THE PROBLEM →
Pull every line with "mechanical" from the data below and copy it.

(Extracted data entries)
◆ ◆ ◆ ◆
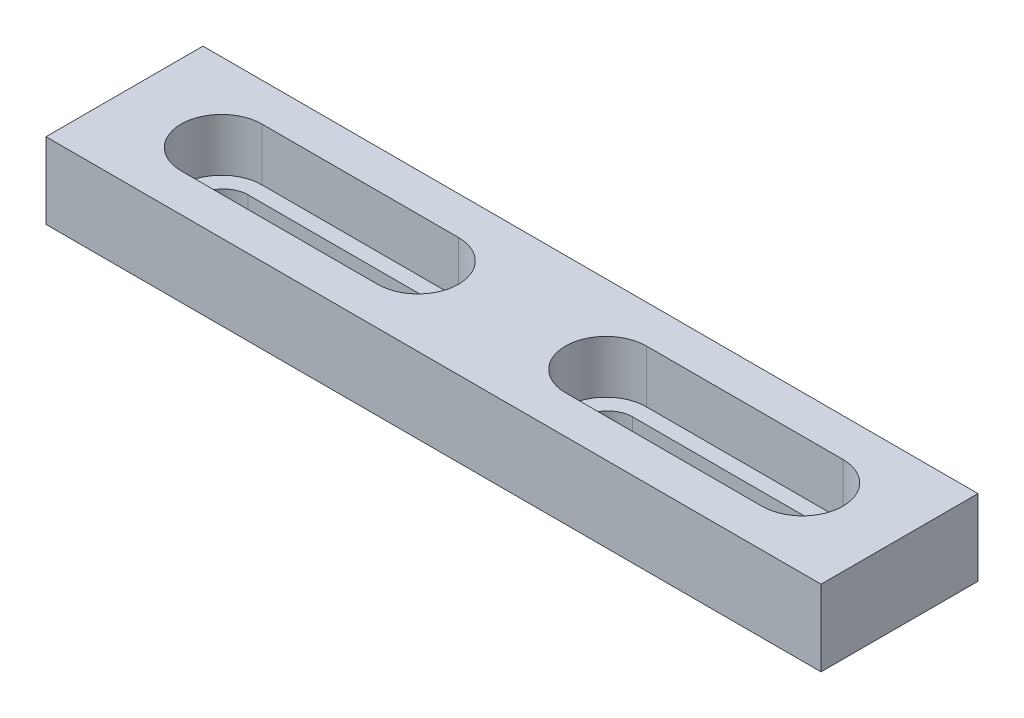
ISO-10303-21;
HEADER;
FILE_DESCRIPTION(('STEP AP214'),'2;1');
FILE_NAME('part.step','',(''),(''),'','','');
FILE_SCHEMA(('AUTOMOTIVE_DESIGN { 1 0 10303 214 1 1 1 1 }'));
ENDSEC;
DATA;
#1=APPLICATION_CONTEXT('core data for automotive mechanical design processes');
#2=APPLICATION_PROTOCOL_DEFINITION('international standard','automotive_design',2000,#1);
#3=PRODUCT_CONTEXT('',#1,'mechanical');
#4=PRODUCT('Part','Part','',(#3));
#5=PRODUCT_RELATED_PRODUCT_CATEGORY('part','',(#4));
#6=PRODUCT_DEFINITION_FORMATION('','',#4);
#7=PRODUCT_DEFINITION_CONTEXT('part definition',#1,'design');
#8=PRODUCT_DEFINITION('design','',#6,#7);
#9=PRODUCT_DEFINITION_SHAPE('','',#8);
#10=(LENGTH_UNIT() NAMED_UNIT(*) SI_UNIT(.MILLI.,.METRE.));
#11=(NAMED_UNIT(*) PLANE_ANGLE_UNIT() SI_UNIT($,.RADIAN.));
#12=(NAMED_UNIT(*) SI_UNIT($,.STERADIAN.) SOLID_ANGLE_UNIT());
#13=UNCERTAINTY_MEASURE_WITH_UNIT(LENGTH_MEASURE(1.E-05),#10,'distance_accuracy_value','');
#14=(GEOMETRIC_REPRESENTATION_CONTEXT(3) GLOBAL_UNCERTAINTY_ASSIGNED_CONTEXT((#13)) GLOBAL_UNIT_ASSIGNED_CONTEXT((#10,
#11,#12)) REPRESENTATION_CONTEXT('',''));
#15=CARTESIAN_POINT('',(0.,0.,0.));
#16=DIRECTION('',(0.,0.,1.));
#17=DIRECTION('',(1.,0.,0.));
#18=AXIS2_PLACEMENT_3D('',#15,#16,#17);
#19=CARTESIAN_POINT('',(12.1249999999999,9.8,1.66190792266419E-13));
#20=DIRECTION('',(0.,-1.,0.));
#21=DIRECTION('',(0.,0.,-1.));
#22=AXIS2_PLACEMENT_3D('',#19,#20,#21);
#23=CYLINDRICAL_SURFACE('',#22,5.225);
#24=CARTESIAN_POINT('',(12.1249999999999,3.,1.66190792266419E-13));
#25=DIRECTION('',(0.,-1.,0.));
#26=DIRECTION('',(0.,0.,-1.));
#27=AXIS2_PLACEMENT_3D('',#24,#25,#26);
#28=CIRCLE('',#27,5.225);
#29=CARTESIAN_POINT('',(12.125,3.,-5.22499999999984));
#30=VERTEX_POINT('',#29);
#31=CARTESIAN_POINT('',(12.1249999999999,3.,5.22500000000017));
#32=VERTEX_POINT('',#31);
#33=EDGE_CURVE('E180',#30,#32,#28,.F.);
#34=ORIENTED_EDGE('',*,*,#33,.F.);
#35=DIRECTION('',(0.,-1.,0.));
#36=VECTOR('',#35,1.);
#37=CARTESIAN_POINT('',(12.125,9.8,-5.22499999999984));
#38=LINE('',#37,#36);
#39=CARTESIAN_POINT('',(12.125,9.8,-5.22499999999984));
#40=VERTEX_POINT('',#39);
#41=EDGE_CURVE('E192',#40,#30,#38,.T.);
#42=ORIENTED_EDGE('',*,*,#41,.F.);
#43=CARTESIAN_POINT('',(12.1249999999999,9.8,1.66190792266419E-13));
#44=DIRECTION('',(0.,1.,0.));
#45=DIRECTION('',(0.,0.,1.));
#46=AXIS2_PLACEMENT_3D('',#43,#44,#45);
#47=CIRCLE('',#46,5.225);
#48=CARTESIAN_POINT('',(12.1249999999999,9.8,5.22500000000017));
#49=VERTEX_POINT('',#48);
#50=EDGE_CURVE('E346',#49,#40,#47,.F.);
#51=ORIENTED_EDGE('',*,*,#50,.F.);
#52=DIRECTION('',(0.,-1.,0.));
#53=VECTOR('',#52,1.);
#54=CARTESIAN_POINT('',(12.1249999999999,9.8,5.22500000000017));
#55=LINE('',#54,#53);
#56=EDGE_CURVE('E194',#49,#32,#55,.T.);
#57=ORIENTED_EDGE('',*,*,#56,.T.);
#58=EDGE_LOOP('',(#34,#42,#51,#57));
#59=FACE_BOUND('',#58,.T.);
#60=ADVANCED_FACE('F41',(#59),#23,.F.);
#61=CARTESIAN_POINT('',(0.,9.8,5.225));
#62=DIRECTION('',(0.,0.,1.));
#63=DIRECTION('',(1.,0.,0.));
#64=AXIS2_PLACEMENT_3D('',#61,#62,#63);
#65=PLANE('',#64);
#66=DIRECTION('',(1.,0.,0.));
#67=VECTOR('',#66,1.);
#68=CARTESIAN_POINT('',(0.,3.,5.225));
#69=LINE('',#68,#67);
#70=CARTESIAN_POINT('',(37.4749999999999,3.,5.22500000000052));
#71=VERTEX_POINT('',#70);
#72=EDGE_CURVE('E340',#32,#71,#69,.T.);
#73=ORIENTED_EDGE('',*,*,#72,.F.);
#74=ORIENTED_EDGE('',*,*,#56,.F.);
#75=DIRECTION('',(-1.,0.,0.));
#76=VECTOR('',#75,1.);
#77=CARTESIAN_POINT('',(0.,9.8,5.225));
#78=LINE('',#77,#76);
#79=CARTESIAN_POINT('',(37.4749999999999,9.8,5.22500000000052));
#80=VERTEX_POINT('',#79);
#81=EDGE_CURVE('E343',#80,#49,#78,.T.);
#82=ORIENTED_EDGE('',*,*,#81,.F.);
#83=DIRECTION('',(0.,-1.,0.));
#84=VECTOR('',#83,1.);
#85=CARTESIAN_POINT('',(37.4749999999999,9.8,5.22500000000052));
#86=LINE('',#85,#84);
#87=EDGE_CURVE('E206',#80,#71,#86,.T.);
#88=ORIENTED_EDGE('',*,*,#87,.T.);
#89=EDGE_LOOP('',(#73,#74,#82,#88));
#90=FACE_BOUND('',#89,.T.);
#91=ADVANCED_FACE('F284',(#90),#65,.F.);
#92=CARTESIAN_POINT('',(37.4749999999999,9.8,5.1364947960281E-13));
#93=DIRECTION('',(0.,-1.,0.));
#94=DIRECTION('',(0.,0.,-1.));
#95=AXIS2_PLACEMENT_3D('',#92,#93,#94);
#96=CYLINDRICAL_SURFACE('',#95,5.225);
#97=CARTESIAN_POINT('',(37.4749999999999,3.,5.1364947960281E-13));
#98=DIRECTION('',(0.,-1.,0.));
#99=DIRECTION('',(0.,0.,-1.));
#100=AXIS2_PLACEMENT_3D('',#97,#98,#99);
#101=CIRCLE('',#100,5.225);
#102=CARTESIAN_POINT('',(37.475,3.,-5.22499999999949));
#103=VERTEX_POINT('',#102);
#104=EDGE_CURVE('E57',#71,#103,#101,.F.);
#105=ORIENTED_EDGE('',*,*,#104,.F.);
#106=ORIENTED_EDGE('',*,*,#87,.F.);
#107=CARTESIAN_POINT('',(37.4749999999999,9.8,5.1364947960281E-13));
#108=DIRECTION('',(0.,1.,0.));
#109=DIRECTION('',(0.,0.,1.));
#110=AXIS2_PLACEMENT_3D('',#107,#108,#109);
#111=CIRCLE('',#110,5.225);
#112=CARTESIAN_POINT('',(37.475,9.8,-5.22499999999949));
#113=VERTEX_POINT('',#112);
#114=EDGE_CURVE('E208',#113,#80,#111,.F.);
#115=ORIENTED_EDGE('',*,*,#114,.F.);
#116=DIRECTION('',(0.,-1.,0.));
#117=VECTOR('',#116,1.);
#118=CARTESIAN_POINT('',(37.475,9.8,-5.22499999999949));
#119=LINE('',#118,#117);
#120=EDGE_CURVE('E202',#113,#103,#119,.T.);
#121=ORIENTED_EDGE('',*,*,#120,.T.);
#122=EDGE_LOOP('',(#105,#106,#115,#121));
#123=FACE_BOUND('',#122,.T.);
#124=ADVANCED_FACE('F289',(#123),#96,.F.);
#125=CARTESIAN_POINT('',(0.,9.8,-5.225));
#126=DIRECTION('',(0.,0.,1.));
#127=DIRECTION('',(1.,0.,0.));
#128=AXIS2_PLACEMENT_3D('',#125,#126,#127);
#129=PLANE('',#128);
#130=ORIENTED_EDGE('',*,*,#41,.T.);
#131=DIRECTION('',(-1.,0.,0.));
#132=VECTOR('',#131,1.);
#133=CARTESIAN_POINT('',(0.,3.,-5.225));
#134=LINE('',#133,#132);
#135=EDGE_CURVE('E176',#103,#30,#134,.T.);
#136=ORIENTED_EDGE('',*,*,#135,.F.);
#137=ORIENTED_EDGE('',*,*,#120,.F.);
#138=DIRECTION('',(-1.,0.,0.));
#139=VECTOR('',#138,1.);
#140=CARTESIAN_POINT('',(0.,9.8,-5.225));
#141=LINE('',#140,#139);
#142=EDGE_CURVE('E200',#113,#40,#141,.T.);
#143=ORIENTED_EDGE('',*,*,#142,.T.);
#144=EDGE_LOOP('',(#130,#136,#137,#143));
#145=FACE_BOUND('',#144,.T.);
#146=ADVANCED_FACE('F198',(#145),#129,.T.);
#147=CARTESIAN_POINT('',(0.,9.8,5.225));
#148=DIRECTION('',(0.,0.,-1.));
#149=DIRECTION('',(-1.,0.,0.));
#150=AXIS2_PLACEMENT_3D('',#147,#148,#149);
#151=PLANE('',#150);
#152=DIRECTION('',(0.,-1.,0.));
#153=VECTOR('',#152,1.);
#154=CARTESIAN_POINT('',(-12.1249999999999,9.8,5.225));
#155=LINE('',#154,#153);
#156=CARTESIAN_POINT('',(-12.1249999999999,9.8,5.225));
#157=VERTEX_POINT('',#156);
#158=CARTESIAN_POINT('',(-12.1249999999999,3.,5.225));
#159=VERTEX_POINT('',#158);
#160=EDGE_CURVE('E238',#157,#159,#155,.T.);
#161=ORIENTED_EDGE('',*,*,#160,.T.);
#162=DIRECTION('',(1.,0.,0.));
#163=VECTOR('',#162,1.);
#164=CARTESIAN_POINT('',(0.,3.,5.225));
#165=LINE('',#164,#163);
#166=CARTESIAN_POINT('',(-37.4749999999999,3.,5.225));
#167=VERTEX_POINT('',#166);
#168=EDGE_CURVE('E418',#167,#159,#165,.T.);
#169=ORIENTED_EDGE('',*,*,#168,.F.);
#170=DIRECTION('',(0.,-1.,0.));
#171=VECTOR('',#170,1.);
#172=CARTESIAN_POINT('',(-37.4749999999999,9.8,5.225));
#173=LINE('',#172,#171);
#174=CARTESIAN_POINT('',(-37.4749999999999,9.8,5.225));
#175=VERTEX_POINT('',#174);
#176=EDGE_CURVE('E365',#175,#167,#173,.T.);
#177=ORIENTED_EDGE('',*,*,#176,.F.);
#178=DIRECTION('',(1.,0.,0.));
#179=VECTOR('',#178,1.);
#180=CARTESIAN_POINT('',(0.,9.8,5.225));
#181=LINE('',#180,#179);
#182=EDGE_CURVE('E217',#175,#157,#181,.T.);
#183=ORIENTED_EDGE('',*,*,#182,.T.);
#184=EDGE_LOOP('',(#161,#169,#177,#183));
#185=FACE_BOUND('',#184,.T.);
#186=ADVANCED_FACE('F328',(#185),#151,.T.);
#187=CARTESIAN_POINT('',(-12.1249999999999,9.8,0.));
#188=DIRECTION('',(0.,-1.,0.));
#189=DIRECTION('',(0.,0.,-1.));
#190=AXIS2_PLACEMENT_3D('',#187,#188,#189);
#191=CYLINDRICAL_SURFACE('',#190,5.225);
#192=DIRECTION('',(0.,-1.,0.));
#193=VECTOR('',#192,1.);
#194=CARTESIAN_POINT('',(-12.1249999999999,9.8,-5.225));
#195=LINE('',#194,#193);
#196=CARTESIAN_POINT('',(-12.1249999999999,9.8,-5.225));
#197=VERTEX_POINT('',#196);
#198=CARTESIAN_POINT('',(-12.1249999999999,3.,-5.225));
#199=VERTEX_POINT('',#198);
#200=EDGE_CURVE('E357',#197,#199,#195,.T.);
#201=ORIENTED_EDGE('',*,*,#200,.T.);
#202=CARTESIAN_POINT('',(-12.1249999999999,3.,0.));
#203=DIRECTION('',(0.,-1.,0.));
#204=DIRECTION('',(0.,0.,-1.));
#205=AXIS2_PLACEMENT_3D('',#202,#203,#204);
#206=CIRCLE('',#205,5.225);
#207=EDGE_CURVE('E385',#159,#199,#206,.F.);
#208=ORIENTED_EDGE('',*,*,#207,.F.);
#209=ORIENTED_EDGE('',*,*,#160,.F.);
#210=CARTESIAN_POINT('',(-12.1249999999999,9.8,0.));
#211=DIRECTION('',(0.,1.,0.));
#212=DIRECTION('',(0.,0.,1.));
#213=AXIS2_PLACEMENT_3D('',#210,#211,#212);
#214=CIRCLE('',#213,5.225);
#215=EDGE_CURVE('E376',#157,#197,#214,.T.);
#216=ORIENTED_EDGE('',*,*,#215,.T.);
#217=EDGE_LOOP('',(#201,#208,#209,#216));
#218=FACE_BOUND('',#217,.T.);
#219=ADVANCED_FACE('F324',(#218),#191,.F.);
#220=CARTESIAN_POINT('',(0.,9.8,-5.225));
#221=DIRECTION('',(0.,0.,-1.));
#222=DIRECTION('',(-1.,0.,0.));
#223=AXIS2_PLACEMENT_3D('',#220,#221,#222);
#224=PLANE('',#223);
#225=DIRECTION('',(-1.,0.,0.));
#226=VECTOR('',#225,1.);
#227=CARTESIAN_POINT('',(0.,3.,-5.225));
#228=LINE('',#227,#226);
#229=CARTESIAN_POINT('',(-37.4749999999999,3.,-5.225));
#230=VERTEX_POINT('',#229);
#231=EDGE_CURVE('E65',#199,#230,#228,.T.);
#232=ORIENTED_EDGE('',*,*,#231,.F.);
#233=ORIENTED_EDGE('',*,*,#200,.F.);
#234=DIRECTION('',(1.,0.,0.));
#235=VECTOR('',#234,1.);
#236=CARTESIAN_POINT('',(0.,9.8,-5.225));
#237=LINE('',#236,#235);
#238=CARTESIAN_POINT('',(-37.4749999999999,9.8,-5.225));
#239=VERTEX_POINT('',#238);
#240=EDGE_CURVE('E372',#239,#197,#237,.T.);
#241=ORIENTED_EDGE('',*,*,#240,.F.);
#242=DIRECTION('',(0.,-1.,0.));
#243=VECTOR('',#242,1.);
#244=CARTESIAN_POINT('',(-37.4749999999999,9.8,-5.225));
#245=LINE('',#244,#243);
#246=EDGE_CURVE('E361',#239,#230,#245,.T.);
#247=ORIENTED_EDGE('',*,*,#246,.T.);
#248=EDGE_LOOP('',(#232,#233,#241,#247));
#249=FACE_BOUND('',#248,.T.);
#250=ADVANCED_FACE('F320',(#249),#224,.F.);
#251=CARTESIAN_POINT('',(-37.4749999999999,9.8,0.));
#252=DIRECTION('',(0.,-1.,0.));
#253=DIRECTION('',(0.,0.,-1.));
#254=AXIS2_PLACEMENT_3D('',#251,#252,#253);
#255=CYLINDRICAL_SURFACE('',#254,5.225);
#256=ORIENTED_EDGE('',*,*,#176,.T.);
#257=CARTESIAN_POINT('',(-37.4749999999999,3.,0.));
#258=DIRECTION('',(0.,-1.,0.));
#259=DIRECTION('',(0.,0.,-1.));
#260=AXIS2_PLACEMENT_3D('',#257,#258,#259);
#261=CIRCLE('',#260,5.225);
#262=EDGE_CURVE('E415',#230,#167,#261,.F.);
#263=ORIENTED_EDGE('',*,*,#262,.F.);
#264=ORIENTED_EDGE('',*,*,#246,.F.);
#265=CARTESIAN_POINT('',(-37.4749999999999,9.8,0.));
#266=DIRECTION('',(0.,1.,0.));
#267=DIRECTION('',(0.,0.,1.));
#268=AXIS2_PLACEMENT_3D('',#265,#266,#267);
#269=CIRCLE('',#268,5.225);
#270=EDGE_CURVE('E369',#239,#175,#269,.T.);
#271=ORIENTED_EDGE('',*,*,#270,.T.);
#272=EDGE_LOOP('',(#256,#263,#264,#271));
#273=FACE_BOUND('',#272,.T.);
#274=ADVANCED_FACE('F296',(#273),#255,.F.);
#275=CARTESIAN_POINT('',(0.,9.8,0.));
#276=DIRECTION('',(0.,-1.,0.));
#277=DIRECTION('',(0.,0.,-1.));
#278=AXIS2_PLACEMENT_3D('',#275,#276,#277);
#279=PLANE('',#278);
#280=DIRECTION('',(0.,0.,-1.));
#281=VECTOR('',#280,1.);
#282=CARTESIAN_POINT('',(50.,9.8,10.125));
#283=LINE('',#282,#281);
#284=CARTESIAN_POINT('',(50.,9.8,10.125));
#285=VERTEX_POINT('',#284);
#286=CARTESIAN_POINT('',(50.,9.8,-10.125));
#287=VERTEX_POINT('',#286);
#288=EDGE_CURVE('E218',#285,#287,#283,.T.);
#289=ORIENTED_EDGE('',*,*,#288,.T.);
#290=DIRECTION('',(-1.,0.,0.));
#291=VECTOR('',#290,1.);
#292=CARTESIAN_POINT('',(-49.9999999999999,9.8,-10.125));
#293=LINE('',#292,#291);
#294=CARTESIAN_POINT('',(-49.9999999999999,9.8,-10.125));
#295=VERTEX_POINT('',#294);
#296=EDGE_CURVE('E222',#287,#295,#293,.T.);
#297=ORIENTED_EDGE('',*,*,#296,.T.);
#298=DIRECTION('',(0.,0.,1.));
#299=VECTOR('',#298,1.);
#300=CARTESIAN_POINT('',(-49.9999999999999,9.8,10.125));
#301=LINE('',#300,#299);
#302=CARTESIAN_POINT('',(-49.9999999999999,9.8,10.125));
#303=VERTEX_POINT('',#302);
#304=EDGE_CURVE('E226',#295,#303,#301,.T.);
#305=ORIENTED_EDGE('',*,*,#304,.T.);
#306=DIRECTION('',(1.,0.,0.));
#307=VECTOR('',#306,1.);
#308=CARTESIAN_POINT('',(-49.9999999999999,9.8,10.125));
#309=LINE('',#308,#307);
#310=EDGE_CURVE('E229',#303,#285,#309,.T.);
#311=ORIENTED_EDGE('',*,*,#310,.T.);
#312=EDGE_LOOP('',(#289,#297,#305,#311));
#313=FACE_BOUND('',#312,.T.);
#314=ORIENTED_EDGE('',*,*,#81,.T.);
#315=ORIENTED_EDGE('',*,*,#50,.T.);
#316=ORIENTED_EDGE('',*,*,#142,.F.);
#317=ORIENTED_EDGE('',*,*,#114,.T.);
#318=EDGE_LOOP('',(#314,#315,#316,#317));
#319=FACE_BOUND('',#318,.T.);
#320=ORIENTED_EDGE('',*,*,#182,.F.);
#321=ORIENTED_EDGE('',*,*,#270,.F.);
#322=ORIENTED_EDGE('',*,*,#240,.T.);
#323=ORIENTED_EDGE('',*,*,#215,.F.);
#324=EDGE_LOOP('',(#320,#321,#322,#323));
#325=FACE_BOUND('',#324,.T.);
#326=ADVANCED_FACE('F274',(#313,#319,#325),#279,.F.);
#327=CARTESIAN_POINT('',(0.,0.,0.));
#328=DIRECTION('',(0.,-1.,0.));
#329=DIRECTION('',(0.,0.,-1.));
#330=AXIS2_PLACEMENT_3D('',#327,#328,#329);
#331=PLANE('',#330);
#332=DIRECTION('',(0.,0.,-1.));
#333=VECTOR('',#332,1.);
#334=CARTESIAN_POINT('',(50.,0.,10.125));
#335=LINE('',#334,#333);
#336=CARTESIAN_POINT('',(50.,0.,10.125));
#337=VERTEX_POINT('',#336);
#338=CARTESIAN_POINT('',(50.,0.,-10.125));
#339=VERTEX_POINT('',#338);
#340=EDGE_CURVE('E233',#337,#339,#335,.T.);
#341=ORIENTED_EDGE('',*,*,#340,.F.);
#342=DIRECTION('',(1.,0.,0.));
#343=VECTOR('',#342,1.);
#344=CARTESIAN_POINT('',(-49.9999999999999,0.,10.125));
#345=LINE('',#344,#343);
#346=CARTESIAN_POINT('',(-49.9999999999999,0.,10.125));
#347=VERTEX_POINT('',#346);
#348=EDGE_CURVE('E223',#347,#337,#345,.T.);
#349=ORIENTED_EDGE('',*,*,#348,.F.);
#350=DIRECTION('',(0.,0.,1.));
#351=VECTOR('',#350,1.);
#352=CARTESIAN_POINT('',(-49.9999999999999,0.,10.125));
#353=LINE('',#352,#351);
#354=CARTESIAN_POINT('',(-49.9999999999999,0.,-10.125));
#355=VERTEX_POINT('',#354);
#356=EDGE_CURVE('E241',#355,#347,#353,.T.);
#357=ORIENTED_EDGE('',*,*,#356,.F.);
#358=DIRECTION('',(-1.,0.,0.));
#359=VECTOR('',#358,1.);
#360=CARTESIAN_POINT('',(-49.9999999999999,0.,-10.125));
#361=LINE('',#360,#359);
◆ ◆ ◆ ◆
REPLY →
#1=APPLICATION_CONTEXT('core data for automotive mechanical design processes');
#3=PRODUCT_CONTEXT('',#1,'mechanical');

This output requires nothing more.